Here is one of their publicity films shot a number of years ago:
http://youtu.be/91xL2WJeN1o 
All very fancy. I trained there 1959/61 and went back for 1st class in 1962. I am quite sure that all that modern stuff would have been way beyond my academic capabilities. It was very rough and ready in the late 50s/early 60s, but all in all, it was very enjoyable and supplied me with 32 years employment at sea.
Bob


----------



## King Ratt (Aug 23, 2005)

Very interesting clip. The Atlantic Conveyor QSO with GPK is definitely a touch of nostalgia in light of events in 1982.
Thanks for the post.
73
KR


----------



## Shipbuilder (Jun 30, 2005)

I wondered about that, but was it the _Atlantic Conveyor _that got sunk in the Falklands, or the new one!
Bob


----------



## sparkie2182 (May 12, 2007)

New one.


----------



## RayL (Apr 16, 2008)

In 1963, as I negotiated with Lancashire County Council for a grant to study Marine Radio, Wray Castle in the Lake District was my dream college choice because I was a keen rambler and hillwalker. However, fee levels had to be the criterion so Lancs. C.C. made me attend Riversdale instead.


----------



## Neil Mant (Sep 11, 2005)

i recognise the bald fellow just cant remember his name i was on the conveyor from 85 to 87, 30 years in service next year still running now but how long before being replaced


----------



## Shipbuilder (Jun 30, 2005)

I got a Lancashire County Council grant for Wray Castle in 1959! If I hadn't, I doubt if I could have obtained even a 2nd class anywhere else!:sweat: Never very good academically, at Wray Castle, we got locked in the lecture rooms from 1900 to 2100 each evening if we failed the weekly test!(EEK) Good incentive to work hard!
Absolutely hated the compulsory week-end activities when they were introduced. Hated those long hikes through snow-covered hills and all the other "outward bound" activities they forced on us. It didn't make me "tough" it just made me resentful. Looking back on it after more than 50 years, I am glad I went, and enjoy our reunions where a number of survivors of the the first intake are still attending.
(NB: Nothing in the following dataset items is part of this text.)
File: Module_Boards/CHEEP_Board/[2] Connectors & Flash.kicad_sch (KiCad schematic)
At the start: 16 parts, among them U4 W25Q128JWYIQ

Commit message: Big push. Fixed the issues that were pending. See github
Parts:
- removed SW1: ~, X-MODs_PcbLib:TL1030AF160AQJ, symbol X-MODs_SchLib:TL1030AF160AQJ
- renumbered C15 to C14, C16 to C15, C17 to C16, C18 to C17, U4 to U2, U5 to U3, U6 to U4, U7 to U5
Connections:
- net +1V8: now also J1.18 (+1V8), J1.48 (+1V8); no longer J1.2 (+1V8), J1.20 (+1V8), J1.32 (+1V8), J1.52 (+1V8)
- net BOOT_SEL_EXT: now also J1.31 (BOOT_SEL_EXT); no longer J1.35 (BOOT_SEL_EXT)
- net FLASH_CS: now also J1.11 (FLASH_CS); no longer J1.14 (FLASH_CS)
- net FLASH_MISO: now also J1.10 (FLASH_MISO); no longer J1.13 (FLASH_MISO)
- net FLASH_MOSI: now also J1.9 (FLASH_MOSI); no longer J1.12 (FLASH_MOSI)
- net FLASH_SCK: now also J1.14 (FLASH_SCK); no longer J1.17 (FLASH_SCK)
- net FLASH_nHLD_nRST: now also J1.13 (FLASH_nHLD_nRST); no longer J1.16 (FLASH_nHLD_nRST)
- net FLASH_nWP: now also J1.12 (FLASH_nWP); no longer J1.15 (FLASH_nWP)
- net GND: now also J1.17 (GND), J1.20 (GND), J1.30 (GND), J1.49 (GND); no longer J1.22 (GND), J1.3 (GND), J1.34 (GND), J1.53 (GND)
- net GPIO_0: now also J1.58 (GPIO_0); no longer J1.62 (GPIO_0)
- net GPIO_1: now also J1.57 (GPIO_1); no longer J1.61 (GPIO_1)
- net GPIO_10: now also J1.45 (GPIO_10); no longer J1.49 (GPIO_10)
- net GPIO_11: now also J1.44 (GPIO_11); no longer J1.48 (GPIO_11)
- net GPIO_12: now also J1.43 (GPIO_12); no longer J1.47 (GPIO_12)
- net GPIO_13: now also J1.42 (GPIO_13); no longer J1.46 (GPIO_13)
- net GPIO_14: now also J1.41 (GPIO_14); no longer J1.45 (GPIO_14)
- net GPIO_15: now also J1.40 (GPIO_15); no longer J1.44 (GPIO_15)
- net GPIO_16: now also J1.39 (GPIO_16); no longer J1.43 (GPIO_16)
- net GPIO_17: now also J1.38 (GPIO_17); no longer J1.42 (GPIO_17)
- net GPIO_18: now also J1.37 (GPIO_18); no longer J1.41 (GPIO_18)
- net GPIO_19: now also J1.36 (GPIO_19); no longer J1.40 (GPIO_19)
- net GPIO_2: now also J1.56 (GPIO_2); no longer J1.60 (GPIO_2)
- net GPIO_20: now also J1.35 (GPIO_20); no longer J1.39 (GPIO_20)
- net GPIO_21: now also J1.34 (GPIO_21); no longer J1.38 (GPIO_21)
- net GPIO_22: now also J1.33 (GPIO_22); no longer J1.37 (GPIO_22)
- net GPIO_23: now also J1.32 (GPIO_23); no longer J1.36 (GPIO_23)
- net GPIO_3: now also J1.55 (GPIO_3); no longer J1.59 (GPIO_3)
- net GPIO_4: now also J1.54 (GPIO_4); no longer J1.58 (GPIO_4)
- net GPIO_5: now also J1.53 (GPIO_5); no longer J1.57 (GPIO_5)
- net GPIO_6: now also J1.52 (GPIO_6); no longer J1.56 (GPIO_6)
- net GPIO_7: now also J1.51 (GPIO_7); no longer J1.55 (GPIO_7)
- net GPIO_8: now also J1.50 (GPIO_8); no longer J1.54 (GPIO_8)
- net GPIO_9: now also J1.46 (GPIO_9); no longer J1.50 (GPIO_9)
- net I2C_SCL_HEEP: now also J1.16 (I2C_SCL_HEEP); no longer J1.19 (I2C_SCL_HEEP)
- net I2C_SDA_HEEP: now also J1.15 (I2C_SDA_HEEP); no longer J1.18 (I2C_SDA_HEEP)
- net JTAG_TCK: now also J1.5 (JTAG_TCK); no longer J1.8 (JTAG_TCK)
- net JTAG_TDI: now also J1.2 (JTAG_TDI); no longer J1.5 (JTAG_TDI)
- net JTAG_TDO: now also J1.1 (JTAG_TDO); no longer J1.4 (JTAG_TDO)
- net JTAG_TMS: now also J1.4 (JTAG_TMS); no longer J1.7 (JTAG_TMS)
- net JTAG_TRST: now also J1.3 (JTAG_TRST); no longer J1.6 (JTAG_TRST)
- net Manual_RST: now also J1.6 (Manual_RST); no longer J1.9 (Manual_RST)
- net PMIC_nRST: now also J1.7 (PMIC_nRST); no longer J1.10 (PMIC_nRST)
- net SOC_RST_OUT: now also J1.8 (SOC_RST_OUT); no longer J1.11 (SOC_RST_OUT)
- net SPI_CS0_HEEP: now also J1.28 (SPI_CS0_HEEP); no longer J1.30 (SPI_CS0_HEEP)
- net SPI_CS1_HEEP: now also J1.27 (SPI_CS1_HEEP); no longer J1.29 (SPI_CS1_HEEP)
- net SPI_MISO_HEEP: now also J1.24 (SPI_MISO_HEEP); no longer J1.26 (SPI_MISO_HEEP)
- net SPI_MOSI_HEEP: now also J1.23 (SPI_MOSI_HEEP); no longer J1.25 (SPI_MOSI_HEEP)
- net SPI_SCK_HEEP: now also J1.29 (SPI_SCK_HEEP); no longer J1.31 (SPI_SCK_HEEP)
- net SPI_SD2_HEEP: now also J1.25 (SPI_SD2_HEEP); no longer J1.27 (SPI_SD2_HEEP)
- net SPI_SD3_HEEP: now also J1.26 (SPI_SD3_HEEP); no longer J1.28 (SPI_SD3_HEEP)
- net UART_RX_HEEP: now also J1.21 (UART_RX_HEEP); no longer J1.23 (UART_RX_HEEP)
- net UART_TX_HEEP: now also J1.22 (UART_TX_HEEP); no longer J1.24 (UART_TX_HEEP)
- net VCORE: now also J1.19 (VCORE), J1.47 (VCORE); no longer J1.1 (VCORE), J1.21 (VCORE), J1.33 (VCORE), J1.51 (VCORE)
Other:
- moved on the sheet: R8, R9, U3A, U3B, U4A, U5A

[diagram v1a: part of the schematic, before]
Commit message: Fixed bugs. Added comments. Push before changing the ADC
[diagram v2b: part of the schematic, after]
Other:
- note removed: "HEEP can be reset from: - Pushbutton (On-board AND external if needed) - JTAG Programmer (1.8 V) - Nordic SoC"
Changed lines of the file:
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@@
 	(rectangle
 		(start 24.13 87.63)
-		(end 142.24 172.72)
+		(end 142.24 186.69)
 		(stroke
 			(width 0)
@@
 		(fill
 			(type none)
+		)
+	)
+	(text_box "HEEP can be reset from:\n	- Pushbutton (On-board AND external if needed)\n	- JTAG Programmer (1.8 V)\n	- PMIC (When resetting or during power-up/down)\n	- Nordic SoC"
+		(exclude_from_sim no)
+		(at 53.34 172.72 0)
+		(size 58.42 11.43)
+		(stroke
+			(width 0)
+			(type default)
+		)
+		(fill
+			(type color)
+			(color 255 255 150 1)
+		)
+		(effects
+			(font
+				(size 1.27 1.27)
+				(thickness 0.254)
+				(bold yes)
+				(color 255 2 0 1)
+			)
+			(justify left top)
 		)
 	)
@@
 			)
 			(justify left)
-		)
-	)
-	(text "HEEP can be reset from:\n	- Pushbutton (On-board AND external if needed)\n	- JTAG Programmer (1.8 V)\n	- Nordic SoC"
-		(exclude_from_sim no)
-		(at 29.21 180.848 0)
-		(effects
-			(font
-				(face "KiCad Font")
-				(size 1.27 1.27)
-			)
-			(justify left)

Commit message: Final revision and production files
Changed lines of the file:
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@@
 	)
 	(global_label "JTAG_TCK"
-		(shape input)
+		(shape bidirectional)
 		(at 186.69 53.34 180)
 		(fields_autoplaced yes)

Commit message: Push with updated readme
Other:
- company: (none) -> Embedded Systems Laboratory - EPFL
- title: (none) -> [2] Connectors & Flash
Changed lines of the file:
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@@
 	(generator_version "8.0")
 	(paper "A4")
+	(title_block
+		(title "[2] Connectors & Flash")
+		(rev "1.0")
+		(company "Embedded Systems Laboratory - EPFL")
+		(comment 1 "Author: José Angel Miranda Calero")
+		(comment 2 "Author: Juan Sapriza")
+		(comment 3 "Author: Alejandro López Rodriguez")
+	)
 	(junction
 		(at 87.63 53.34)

There were only about 30 cadets when I went and some of them were older than the lecturers, Webber, **** and Wilson! (Good fellows all!). Principal was Mr. Tomlinson, also a very pleasant fellow. At that time, no-one had even reached third term. The first to qualify was Dave Morris in 1959 with 2nd class.
Generally, the pass rate in those days was not far off 100%
Bob
Picture - Gear room, 1959. Only equipment not visible in picture, battery charger, batteries and a spark Transmitter:sweat:


----------



## RayL (Apr 16, 2008)

Thanks for this! It dispels false notions I have entertained all these years that I was deprived of an exciting opportunity. I assumed that students at Wray Castle would be free agents at weekends and I never imagined such a level of regimentation. Thanks Lancs C.C. for your decision, and three cheers for good old Riversdale!


----------



## Shipbuilder (Jun 30, 2005)

There was happiness in adversity and looking back, I am glad I went. The compulsory week-ends were introduced after three of our cadets disappeared without trace on the lake one winter evening, presumed drowned.
I went to Riversdale in 1968 to get a radar certificate, and stopped in digs in Aigburth. It was OK, but not the cameraderie of Wray Castle, but after 7 years at sea, I don't think I could have adjusted back to dormitary life again! We were not allowed outside the Castle grounds of week-days, apart from Friday , Saturday and Sunday nights, and even then we had to be in uniform, complete with caps!
Bob


----------



## Paul Braxton (Jul 21, 2005)

An absolute eye-opener, that video of Wray Castle. It was hard to believe for me that such places even existed. I went to the 'bog standard' Norwood Tech in South London for my PMG2, but had no idea how the other half lived! Amazing stuff. Nice to see the old Apollo (still trying to get my hands on one) and the Conqueror/Commandant with 'its pants down' so to speak.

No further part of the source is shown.